(Data to process begins)
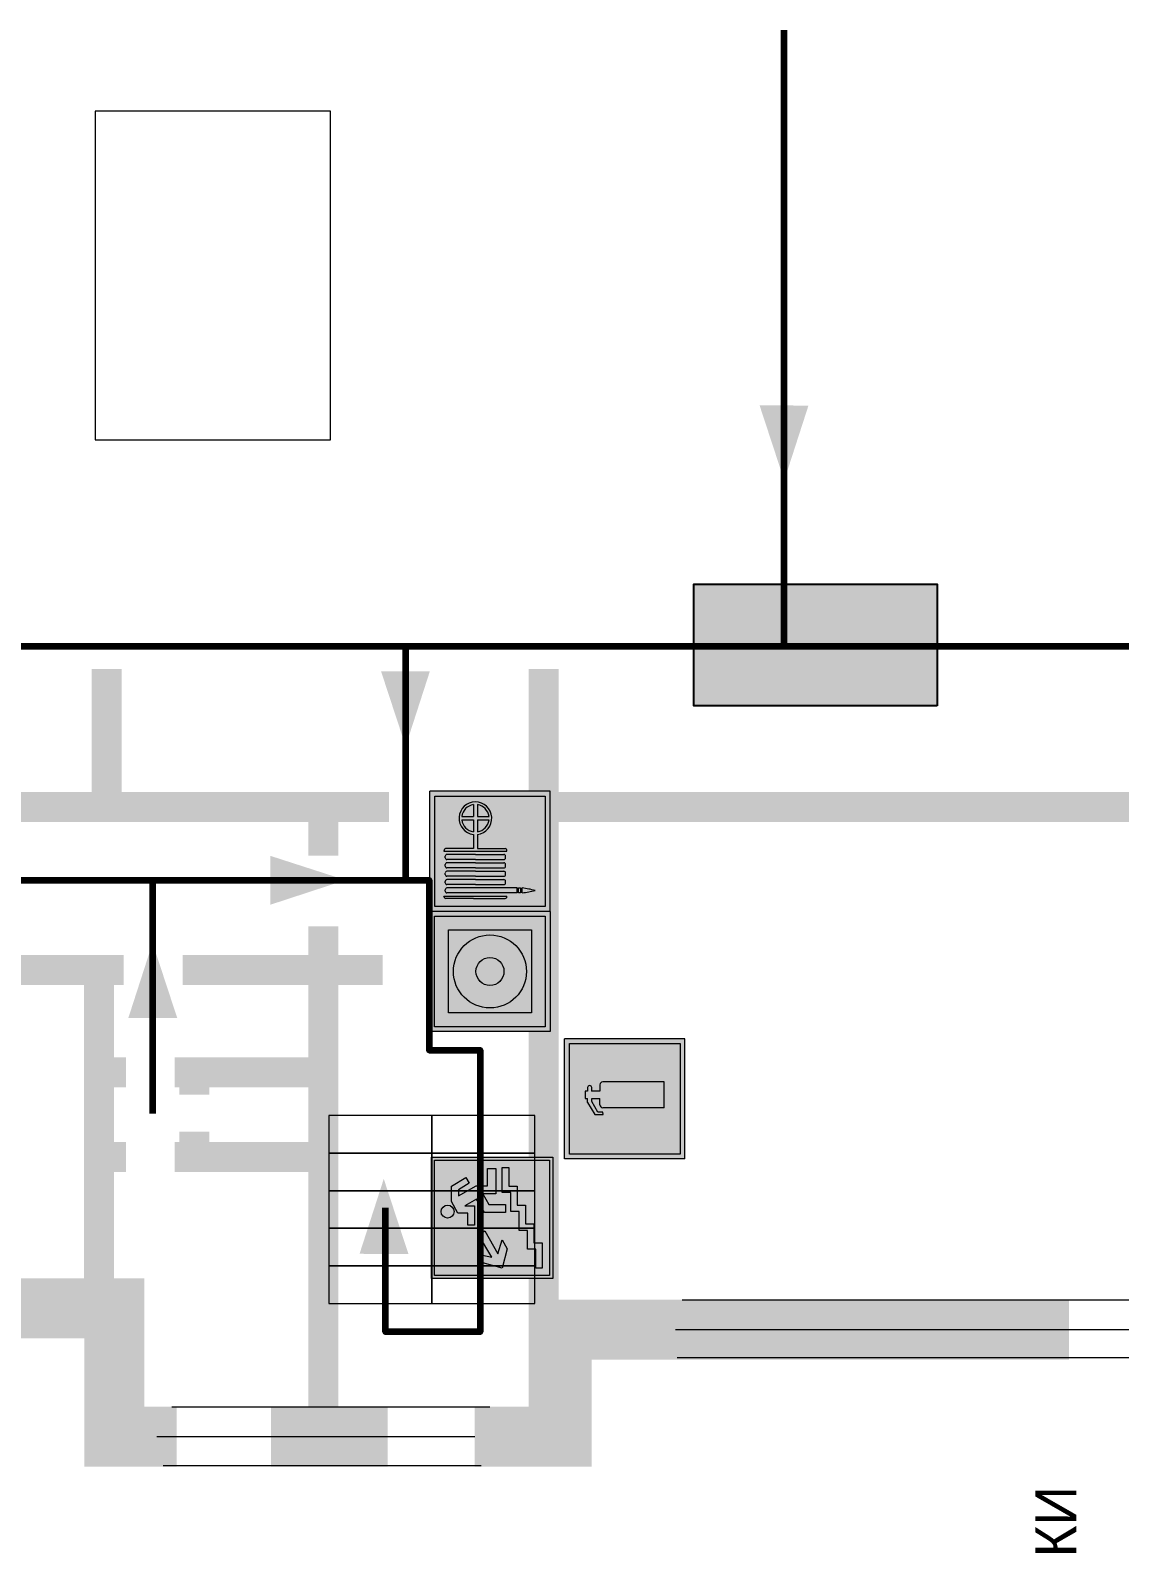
# Model space of a CAD drawing. Header units: millimetres. Extents: x 13114 to 67229, y 22859 to 38520.
# Drawn here: x 28026.9 to 28098.7, y 25872.7 to 25972.6 of the extents above; entities that cross this region are included whole.
import ezdxf

# ---------------------------------------------------------------- set-up
doc = ezdxf.new("R2010")
doc.units = ezdxf.units.MM
doc.layers.add('План_Штампы', color=7, linetype='Continuous')
doc.styles.add('обычный', font='arial.ttf')

# ---------------------------------------------------------------- blocks, each defined once
blk = doc.blocks.new('A$C54414219')
at = {"true_color": 0xffffff}
h = blk.add_hatch(color=7, dxfattribs=at)
h.paths.add_polyline_path([(2.39, -9.45), (2.39, -18.3), (11.23, -18.3), (11.23, -9.45)], flags=0)
h.paths.add_polyline_path([(10.71, -13.87, -1), (2.92, -13.87, -1)], flags=0)
h.paths.add_polyline_path([(8.3, -13.87, -1), (5.33, -13.87, -1)], flags=0)
h.paths.add_polyline_path([(0.41, -7.47), (0.41, -20.27), (13.21, -20.27), (13.21, -7.47)])
h.paths.add_polyline_path([(0.92, -19.77), (12.71, -19.77), (12.71, -7.98), (0.92, -7.98)], flags=16)
h.paths.add_polyline_path([(11.23, -9.45), (11.23, -18.3), (2.39, -18.3), (2.39, -9.45)], flags=0)
at = {"lineweight": 5}
h = blk.add_hatch(color=242, dxfattribs=at)
h.paths.add_polyline_path([(12.71, -7.98), (0.92, -7.98), (0.92, -19.77), (12.71, -19.77)])
h.paths.add_polyline_path([(11.23, -18.3), (2.39, -18.3), (2.39, -9.45), (11.23, -9.45)], flags=16)
h.paths.add_polyline_path([(10.71, -13.87, -1), (2.92, -13.87, -1)], flags=0)
h.paths.add_polyline_path([(8.3, -13.87, -1), (5.33, -13.87, -1)], flags=0)
at = {"true_color": 0xffffff}
h = blk.add_hatch(color=7, dxfattribs=at)
h.paths.add_polyline_path([(2.39, -9.45), (2.39, -18.3), (11.23, -18.3), (11.23, -9.45)])
h.paths.add_polyline_path([(10.71, -13.87, -1), (2.92, -13.87, -1)], flags=16)
h.paths.add_polyline_path([(8.3, -13.87, -1), (5.33, -13.87, -1)], flags=0)
at = {"lineweight": 5}
h = blk.add_hatch(color=242, dxfattribs=at)
h.paths.add_polyline_path([(2.92, -13.87, 1), (10.71, -13.87, 1)])
h.paths.add_polyline_path([(8.3, -13.87, -1), (5.33, -13.87, -1)], flags=16)
at = {"color": 242, "lineweight": 5}
for p, q in [((0.41, -20.27), (0.41, -7.47)), ((0.41, -7.47), (13.21, -7.47)), ((0.41, -7.47), (13.21, -7.47)), ((13.21, -20.27), (13.21, -7.47)), ((0.41, -20.27), (13.21, -20.27))]:
    blk.add_line(p, q, dxfattribs=at)
for points in [[(0.92, -7.98), (12.71, -7.98), (12.71, -19.77), (0.92, -19.77)], [(2.39, -9.45), (11.23, -9.45), (11.23, -18.3), (2.39, -18.3)]]:
    blk.add_lwpolyline(points, close=True, dxfattribs=at)
for radius in [3.89, 1.49]:
    blk.add_circle((6.81, -13.87), radius, dxfattribs=at)
blk = doc.blocks.new('A$C32E8229D')
at = {"true_color": 0xffffff}
blk.add_hatch(color=7, dxfattribs=at).paths.add_polyline_path([(0, 0), (0, -8), (16, -8), (16, 0)])
h = blk.add_hatch(color=126)
h.paths.add_polyline_path([(0.2, -0.2), (15.8, -0.2), (15.8, -7.8), (0.2, -7.8)])
h.paths.add_polyline_path([(13.492, -2.045), (12.079, -2.045), (11.368, -2.625, 0.162397), (11.289, -2.839), (11.289, -3.633), (10.352, -3.633), (10.352, -4.047), (11.684, -4.047), (11.684, -3.477), (12.26, -4.279), (11.289, -5.103), (11.289, -6.781), (11.853, -6.781), (11.853, -5.443), (12.798, -4.643), (12.798, -5.939), (14.462, -5.939), (14.462, -5.389), (13.45, -5.389), (13.45, -3.967), (12.458, -2.586), (13.151, -2.586), (13.694, -3.343), (14.176, -2.998)], flags=16)
h.paths.add_polyline_path([(10.741, -1.821, 1), (11.797, -1.821, 1)], flags=16)
h.paths.add_polyline_path([(9.387, -3.588), (5.989, -3.588), (6.561, -3.026), (5.911, -3.026), (5.105, -3.833), (5.911, -4.64), (6.561, -4.64), (5.989, -4.093), (9.387, -4.093)], flags=16)
h.paths.add_polyline_path([(4.289, -1.083), (1.724, -1.083), (1.724, -6.601), (4.289, -6.601)], flags=16)
at = {"color": 126}
blk.add_lwpolyline([(16, -8), (0, -8), (0, 0), (16, 0)], close=True, dxfattribs=at)
blk = doc.blocks.new('A$C3AD82952')
at = {"true_color": 0xf5f5ff}
h = blk.add_hatch(color=7, dxfattribs=at)
h.dxf.hatch_style = 1
h.paths.add_polyline_path([(8.21, 8.73, 0.414214), (7.89, 9.05), (7.22, 9.05), (7.22, 9.92), (7.59, 9.92, 1), (7.57, 10.36), (7.22, 10.36), (7.22, 10.6), (6.43, 10.6), (6.43, 10.36), (6.01, 10.36), (4.74, 9.59), (4.74, 8.69), (4.98, 8.73), (4.98, 9.26), (6.12, 9.91), (6.43, 9.91), (6.43, 9.05), (5.76, 9.05, 0.414214), (5.44, 8.73), (5.44, 2.2), (8.21, 2.2)], flags=0)
h.paths.add_polyline_path([(12.8, 12.8), (0, 12.8), (0, 0), (12.8, 0)])
h.paths.add_polyline_path([(0.51, 12.29), (12.29, 12.29), (12.29, 0.51), (0.51, 0.51)], flags=16)
h.paths.add_polyline_path([(4.74, 9.59), (6.01, 10.36), (6.43, 10.36), (6.43, 10.6), (7.22, 10.6), (7.22, 10.36), (7.59, 10.36, -0.94586), (7.59, 9.92), (7.22, 9.92), (7.22, 9.05), (7.89, 9.05, -0.414214), (8.21, 8.73), (8.21, 2.2), (5.44, 2.2), (5.44, 8.73, -0.414214), (5.76, 9.05), (6.43, 9.05), (6.43, 9.91), (6.12, 9.91), (4.98, 9.26), (4.98, 8.73), (4.74, 8.69)], flags=0)
h = blk.add_hatch(color=242)
h.dxf.hatch_style = 1
h.paths.add_polyline_path([(12.29, 12.29), (0.51, 12.29), (0.51, 0.51), (12.29, 0.51)])
h.paths.add_polyline_path([(4.74, 8.69), (4.74, 9.59), (6.01, 10.36), (6.43, 10.36), (6.43, 10.6), (7.22, 10.6), (7.22, 10.36), (7.59, 10.36, -0.94586), (7.59, 9.92), (7.22, 9.92), (7.22, 9.05), (7.89, 9.05, -0.414214), (8.21, 8.73), (8.21, 2.2), (5.44, 2.2), (5.44, 8.73, -0.414214), (5.76, 9.05), (6.43, 9.05), (6.43, 9.91), (6.12, 9.91), (4.98, 9.26), (4.98, 8.73)], flags=16)
h = blk.add_hatch(color=7, dxfattribs=at)
h.dxf.hatch_style = 1
h.paths.add_polyline_path([(8.21, 8.73, 0.414214), (7.89, 9.05), (7.22, 9.05), (7.22, 9.92), (7.59, 9.92, 1), (7.57, 10.36), (7.22, 10.36), (7.22, 10.6), (6.43, 10.6), (6.43, 10.36), (6.01, 10.36), (4.74, 9.59), (4.74, 8.69), (4.98, 8.73), (4.98, 9.26), (6.12, 9.91), (6.43, 9.91), (6.43, 9.05), (5.76, 9.05, 0.414214), (5.44, 8.73), (5.44, 2.2), (8.21, 2.2)])
at = {"color": 242, "lineweight": 5}
for p, q in [((0, 0), (0, 12.8)), ((0, 12.8), (12.8, 12.8)), ((12.8, 0), (12.8, 12.8)), ((6.01, 10.36), (4.74, 9.59)), ((4.98, 9.26), (6.12, 9.91)), ((6.01, 10.36), (6.43, 10.36)), ((6.12, 9.91), (6.43, 9.91)), ((7.22, 10.6), (6.43, 10.6)), ((6.43, 10.6), (6.43, 10.36)), ((6.43, 9.91), (6.43, 9.05)), ((7.22, 10.36), (7.22, 10.6)), ((7.59, 10.36), (7.22, 10.36)), ((7.22, 9.05), (7.22, 9.92)), ((7.59, 9.92), (7.22, 9.92)), ((4.74, 9.59), (4.74, 8.69)), ((4.74, 8.69), (4.98, 8.73)), ((4.98, 8.73), (4.98, 9.26)), ((5.44, 2.2), (5.44, 8.73)), ((5.76, 9.05), (6.43, 9.05)), ((7.89, 9.05), (7.22, 9.05)), ((8.21, 2.2), (8.21, 8.73)), ((5.44, 2.2), (8.21, 2.2)), ((0, 0), (12.8, 0))]:
    blk.add_line(p, q, dxfattribs=at)
blk.add_lwpolyline([(0.51, 12.29), (12.29, 12.29), (12.29, 0.51), (0.51, 0.51)], close=True, dxfattribs=at)
for centre, radius, start, end in [((7.58, 10.14), 0.223, 273.1875, 86.8125), ((5.76, 8.73), 0.32, 90, 180), ((7.89, 8.73), 0.32, 0, 90)]:
    blk.add_arc(centre, radius, start, end, dxfattribs=at)
blk = doc.blocks.new('вниз 3')
at = {"lineweight": 0, "true_color": 0xffffff}
h = blk.add_hatch(color=7, dxfattribs=at)
h.dxf.hatch_style = 1
h.paths.add_polyline_path([(40997.497, -4475.686), (40997.253, -4475.284), (40995.761, -4476.146), (40995.972, -4475.233), (40995.394, -4475.564), (40995.047, -4476.834), (40996.329, -4477.171), (40996.905, -4476.83), (40995.999, -4476.549)], flags=0)
h.paths.add_polyline_path([(40999.811, -4473.953), (41000.217, -4473.953), (41000.645, -4474.666), (41001.025, -4474.432), (41000.463, -4473.487), (41000.424, -4473.487), (40999.433, -4473.487), (40998.679, -4473.917), (40998.679, -4474.571), (40997.884, -4474.571), (40997.884, -4475.003), (40999.145, -4475.003), (40999.145, -4474.432), (40999.145, -4474.383), (40999.586, -4475.15), (40998.717, -4475.67), (40998.717, -4477.062), (40999.238, -4477.062), (40999.238, -4475.964), (40999.945, -4475.563), (40999.945, -4476.425), (41001.611, -4476.425), (41001.611, -4475.876), (41000.466, -4475.876), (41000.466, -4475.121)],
(Data to process ends)
◆ What to work on: Look above for the line with "for points in" and the line with "for radius in". Retype those two lines and every line between them exactly, adding nothing.

◆ Solution:
for points in [[(0.92, -7.98), (12.71, -7.98), (12.71, -19.77), (0.92, -19.77)], [(2.39, -9.45), (11.23, -9.45), (11.23, -18.3), (2.39, -18.3)]]:
    blk.add_lwpolyline(points, close=True, dxfattribs=at)
for radius in [3.89, 1.49]:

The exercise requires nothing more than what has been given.